My home computer has pretty much died, so I'm posting this latest review from Stevenson's super-soggy Greenspring campus, aka "Seattle East." (At least the forecast for tomorrow -- and SU's first home football game -- is promising.) My new Kimba post will probably be delayed for a bit until we can get the new home machine set up. I'll still try to post the promised football report using Nicky's laptop, though.

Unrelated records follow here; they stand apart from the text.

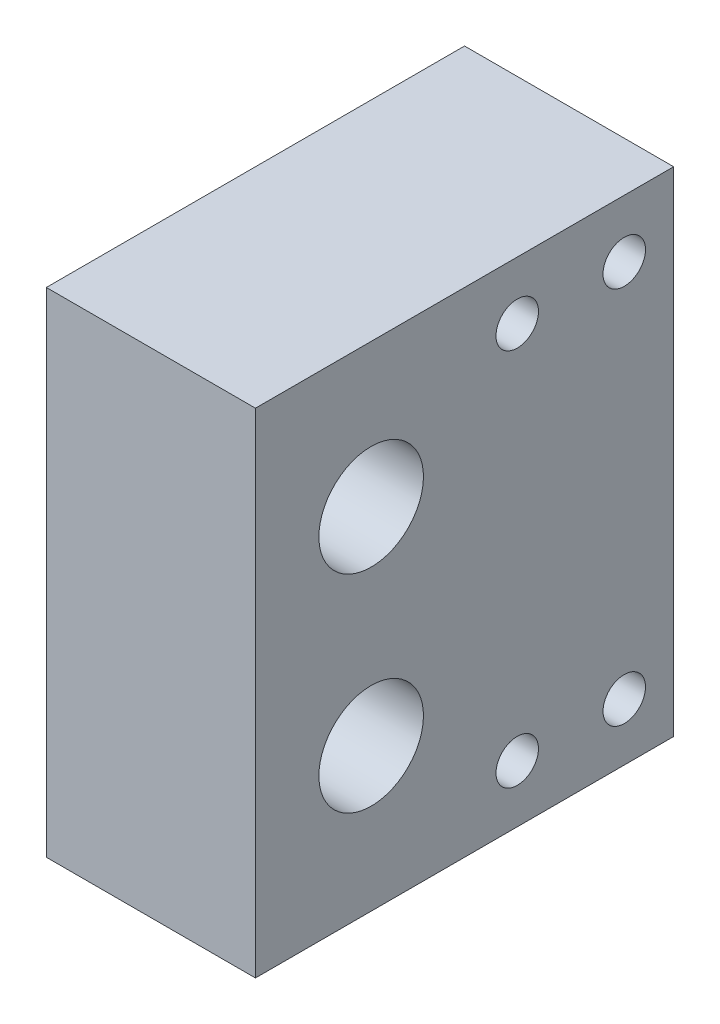
ISO-10303-21;
HEADER;
FILE_DESCRIPTION(('STEP AP214'),'2;1');
FILE_NAME('part.step','',(''),(''),'','','');
FILE_SCHEMA(('AUTOMOTIVE_DESIGN { 1 0 10303 214 1 1 1 1 }'));
ENDSEC;
DATA;
#1=APPLICATION_CONTEXT('core data for automotive mechanical design processes');
#2=APPLICATION_PROTOCOL_DEFINITION('international standard','automotive_design',2000,#1);
#3=PRODUCT_CONTEXT('',#1,'mechanical');
#4=PRODUCT('Part','Part','',(#3));
#5=PRODUCT_RELATED_PRODUCT_CATEGORY('part','',(#4));
#6=PRODUCT_DEFINITION_FORMATION('','',#4);
#7=PRODUCT_DEFINITION_CONTEXT('part definition',#1,'design');
#8=PRODUCT_DEFINITION('design','',#6,#7);
#9=PRODUCT_DEFINITION_SHAPE('','',#8);
#10=(LENGTH_UNIT() NAMED_UNIT(*) SI_UNIT(.MILLI.,.METRE.));
#11=(NAMED_UNIT(*) PLANE_ANGLE_UNIT() SI_UNIT($,.RADIAN.));
#12=(NAMED_UNIT(*) SI_UNIT($,.STERADIAN.) SOLID_ANGLE_UNIT());
#13=UNCERTAINTY_MEASURE_WITH_UNIT(LENGTH_MEASURE(1.E-05),#10,'distance_accuracy_value','');
#14=(GEOMETRIC_REPRESENTATION_CONTEXT(3) GLOBAL_UNCERTAINTY_ASSIGNED_CONTEXT((#13)) GLOBAL_UNIT_ASSIGNED_CONTEXT((#10,
#11,#12)) REPRESENTATION_CONTEXT('',''));
#15=CARTESIAN_POINT('',(0.,0.,0.));
#16=DIRECTION('',(0.,0.,1.));
#17=DIRECTION('',(1.,0.,0.));
#18=AXIS2_PLACEMENT_3D('',#15,#16,#17);
#19=CARTESIAN_POINT('',(-12.701,-12.573,36.7437942065578));
#20=DIRECTION('',(1.,0.,0.));
#21=DIRECTION('',(0.,1.,0.));
#22=AXIS2_PLACEMENT_3D('',#19,#20,#21);
#23=CYLINDRICAL_SURFACE('',#22,3.302);
#24=CARTESIAN_POINT('',(-12.7,-12.573,36.7437942065578));
#25=DIRECTION('',(1.,0.,0.));
#26=DIRECTION('',(0.,1.,0.));
#27=AXIS2_PLACEMENT_3D('',#24,#25,#26);
#28=CIRCLE('',#27,3.302);
#29=CARTESIAN_POINT('',(-12.7,-9.271,36.7437942065578));
#30=VERTEX_POINT('',#29);
#31=EDGE_CURVE('E111',#30,#30,#28,.F.);
#32=ORIENTED_EDGE('',*,*,#31,.T.);
#33=EDGE_LOOP('',(#32));
#34=FACE_BOUND('',#33,.T.);
#35=CARTESIAN_POINT('',(-6.35,-12.573,36.7437942065578));
#36=DIRECTION('',(1.,0.,0.));
#37=DIRECTION('',(0.,1.,0.));
#38=AXIS2_PLACEMENT_3D('',#35,#36,#37);
#39=CIRCLE('',#38,3.302);
#40=CARTESIAN_POINT('',(-6.35,-9.271,36.7437942065578));
#41=VERTEX_POINT('',#40);
#42=EDGE_CURVE('E38',#41,#41,#39,.F.);
#43=ORIENTED_EDGE('',*,*,#42,.F.);
#44=EDGE_LOOP('',(#43));
#45=FACE_BOUND('',#44,.T.);
#46=ADVANCED_FACE('F34',(#34,#45),#23,.F.);
#47=CARTESIAN_POINT('',(-12.701,12.573,36.7437942065578));
#48=DIRECTION('',(1.,0.,0.));
#49=DIRECTION('',(0.,1.,0.));
#50=AXIS2_PLACEMENT_3D('',#47,#48,#49);
#51=CYLINDRICAL_SURFACE('',#50,3.302);
#52=CARTESIAN_POINT('',(-12.7,12.573,36.7437942065578));
#53=DIRECTION('',(1.,0.,0.));
#54=DIRECTION('',(0.,1.,0.));
#55=AXIS2_PLACEMENT_3D('',#52,#53,#54);
#56=CIRCLE('',#55,3.302);
#57=CARTESIAN_POINT('',(-12.7,15.875,36.7437942065578));
#58=VERTEX_POINT('',#57);
#59=EDGE_CURVE('E116',#58,#58,#56,.F.);
#60=ORIENTED_EDGE('',*,*,#59,.T.);
#61=EDGE_LOOP('',(#60));
#62=FACE_BOUND('',#61,.T.);
#63=CARTESIAN_POINT('',(-6.35,12.573,36.7437942065578));
#64=DIRECTION('',(1.,0.,0.));
#65=DIRECTION('',(0.,1.,0.));
#66=AXIS2_PLACEMENT_3D('',#63,#64,#65);
#67=CIRCLE('',#66,3.302);
#68=CARTESIAN_POINT('',(-6.35,15.875,36.7437942065578));
#69=VERTEX_POINT('',#68);
#70=EDGE_CURVE('E109',#69,#69,#67,.F.);
#71=ORIENTED_EDGE('',*,*,#70,.F.);
#72=EDGE_LOOP('',(#71));
#73=FACE_BOUND('',#72,.T.);
#74=ADVANCED_FACE('F159',(#62,#73),#51,.F.);
#75=CARTESIAN_POINT('',(12.7,29.972,50.8));
#76=DIRECTION('',(-1.,0.,0.));
#77=DIRECTION('',(0.,-1.,0.));
#78=AXIS2_PLACEMENT_3D('',#75,#76,#77);
#79=PLANE('',#78);
#80=CARTESIAN_POINT('',(12.7,-12.573,36.7437942065578));
#81=DIRECTION('',(1.,0.,0.));
#82=DIRECTION('',(0.,1.,0.));
#83=AXIS2_PLACEMENT_3D('',#80,#81,#82);
#84=CIRCLE('',#83,6.35);
#85=CARTESIAN_POINT('',(12.7,-6.223,36.7437942065578));
#86=VERTEX_POINT('',#85);
#87=EDGE_CURVE('E126',#86,#86,#84,.T.);
#88=ORIENTED_EDGE('',*,*,#87,.F.);
#89=EDGE_LOOP('',(#88));
#90=FACE_BOUND('',#89,.T.);
#91=CARTESIAN_POINT('',(12.7,12.573,36.7437942065578));
#92=DIRECTION('',(1.,0.,0.));
#93=DIRECTION('',(0.,1.,0.));
#94=AXIS2_PLACEMENT_3D('',#91,#92,#93);
#95=CIRCLE('',#94,6.35);
#96=CARTESIAN_POINT('',(12.7,18.923,36.7437942065578));
#97=VERTEX_POINT('',#96);
#98=EDGE_CURVE('E119',#97,#97,#95,.T.);
#99=ORIENTED_EDGE('',*,*,#98,.F.);
#100=EDGE_LOOP('',(#99));
#101=FACE_BOUND('',#100,.T.);
#102=CARTESIAN_POINT('',(12.7,-23.0280000000008,6.00000000000013));
#103=DIRECTION('',(1.,0.,0.));
#104=DIRECTION('',(0.,1.,0.));
#105=AXIS2_PLACEMENT_3D('',#102,#103,#104);
#106=CIRCLE('',#105,2.5796875);
#107=CARTESIAN_POINT('',(12.7,-20.4483125000008,6.00000000000013));
#108=VERTEX_POINT('',#107);
#109=EDGE_CURVE('E131',#108,#108,#106,.T.);
#110=ORIENTED_EDGE('',*,*,#109,.F.);
#111=EDGE_LOOP('',(#110));
#112=FACE_BOUND('',#111,.T.);
#113=CARTESIAN_POINT('',(12.7,-23.0280000000008,19.0000000000001));
#114=DIRECTION('',(1.,0.,0.));
#115=DIRECTION('',(0.,1.,0.));
#116=AXIS2_PLACEMENT_3D('',#113,#114,#115);
#117=CIRCLE('',#116,2.5796875);
#118=CARTESIAN_POINT('',(12.7,-20.4483125000008,19.0000000000001));
#119=VERTEX_POINT('',#118);
#120=EDGE_CURVE('E135',#119,#119,#117,.T.);
#121=ORIENTED_EDGE('',*,*,#120,.F.);
#122=EDGE_LOOP('',(#121));
#123=FACE_BOUND('',#122,.T.);
#124=CARTESIAN_POINT('',(12.7,22.9719999999992,6.00000000000013));
#125=DIRECTION('',(1.,0.,0.));
#126=DIRECTION('',(0.,1.,0.));
#127=AXIS2_PLACEMENT_3D('',#124,#125,#126);
#128=CIRCLE('',#127,2.5796875);
#129=CARTESIAN_POINT('',(12.7,25.5516874999992,6.00000000000013));
#130=VERTEX_POINT('',#129);
#131=EDGE_CURVE('E141',#130,#130,#128,.T.);
#132=ORIENTED_EDGE('',*,*,#131,.F.);
#133=EDGE_LOOP('',(#132));
#134=FACE_BOUND('',#133,.T.);
#135=CARTESIAN_POINT('',(12.7,22.9719999999992,19.0000000000001));
#136=DIRECTION('',(1.,0.,0.));
#137=DIRECTION('',(0.,1.,0.));
#138=AXIS2_PLACEMENT_3D('',#135,#136,#137);
#139=CIRCLE('',#138,2.5796875);
#140=CARTESIAN_POINT('',(12.7,25.5516874999992,19.0000000000001));
#141=VERTEX_POINT('',#140);
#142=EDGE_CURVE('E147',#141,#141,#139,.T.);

Dark Horse is now combing the corpus of John Stanley's "miscellaneous" LITTLE LULU work. This latest volume collects the entirety of two Dell Giants from 1957, LITTLE LULU AND TUBBY AT SUMMER CAMP and LITTLE LULU AND TUBBY HALLOWEEN FUN. You can read and view much more about the former of these hefty quarter-dollar mags here, and I suggest that you do, since SUMMER CAMP hangs together a lot better than does HALLOWEEN FUN. The structure of Stanley's signature chain of short features is relatively predictable -- kids get ready for camp, kids go to camp and meet new kids, kids scheme and have (mis)adventures, kids go home -- and there's no psychological quirkiness to wade through on the order of Charlie Brown developing a baseball-like rash on his head and becoming "Mr. Sack" or the PEANUTS gang visiting a weird camp for "born-agains," as they did in 1980. The little tales and vignettes link together quite nicely, however, and the sense of completing a satisfying whole is palpable. HALLOWEEN FUN is a bit more erratic; since there are only so many tales you can tell about getting costumes, cadging candy, and holding Halloween parties, we get a few Witch Hazel stories thrown in here and there to help "make weight." One of these last is a rather strained explanation of how Lulu's "poor little girl" character accidentally devised the name of the Halloween holiday. Suffice it to say that it's a surefire groan-inducer. The climactic Halloween-party story, though, is Stanley at his web-weaving best, combining several plots and subplots in a way that leaves you marveling (not to mention smiling) at the end. There are still several Giants to reprint, so we haven't quite seen the last of these Dark Horse collections -- and a good thing, too.
2 comments:
Have you been following the Tubby reprint volumes (the fourth of which just came out)? Somewhere around the middle of the second book, Stanley begins to dial back the narrative ambition as well as the fantastic elements (though they never completely disappear), which is a little disappointing, but it's still highly entertaining stuff in the same vein as Lulu, but with a welcome extra bit of loopiness to it. I must applaud Dark Horse for going so much further with their reprints than Another Rainbow did in the eighties--though admittedly, some auxiliary materials WOULD be nice.
Geo,
I've been getting the TUBBY volumes, plus the Stanley material from Drawn & Quarterly. I do see what you mean about the change in focus in TUBBY; the setup of stories in the latest volume seems casual at times. Maybe Stanley's workload was telling on him a bit by this time?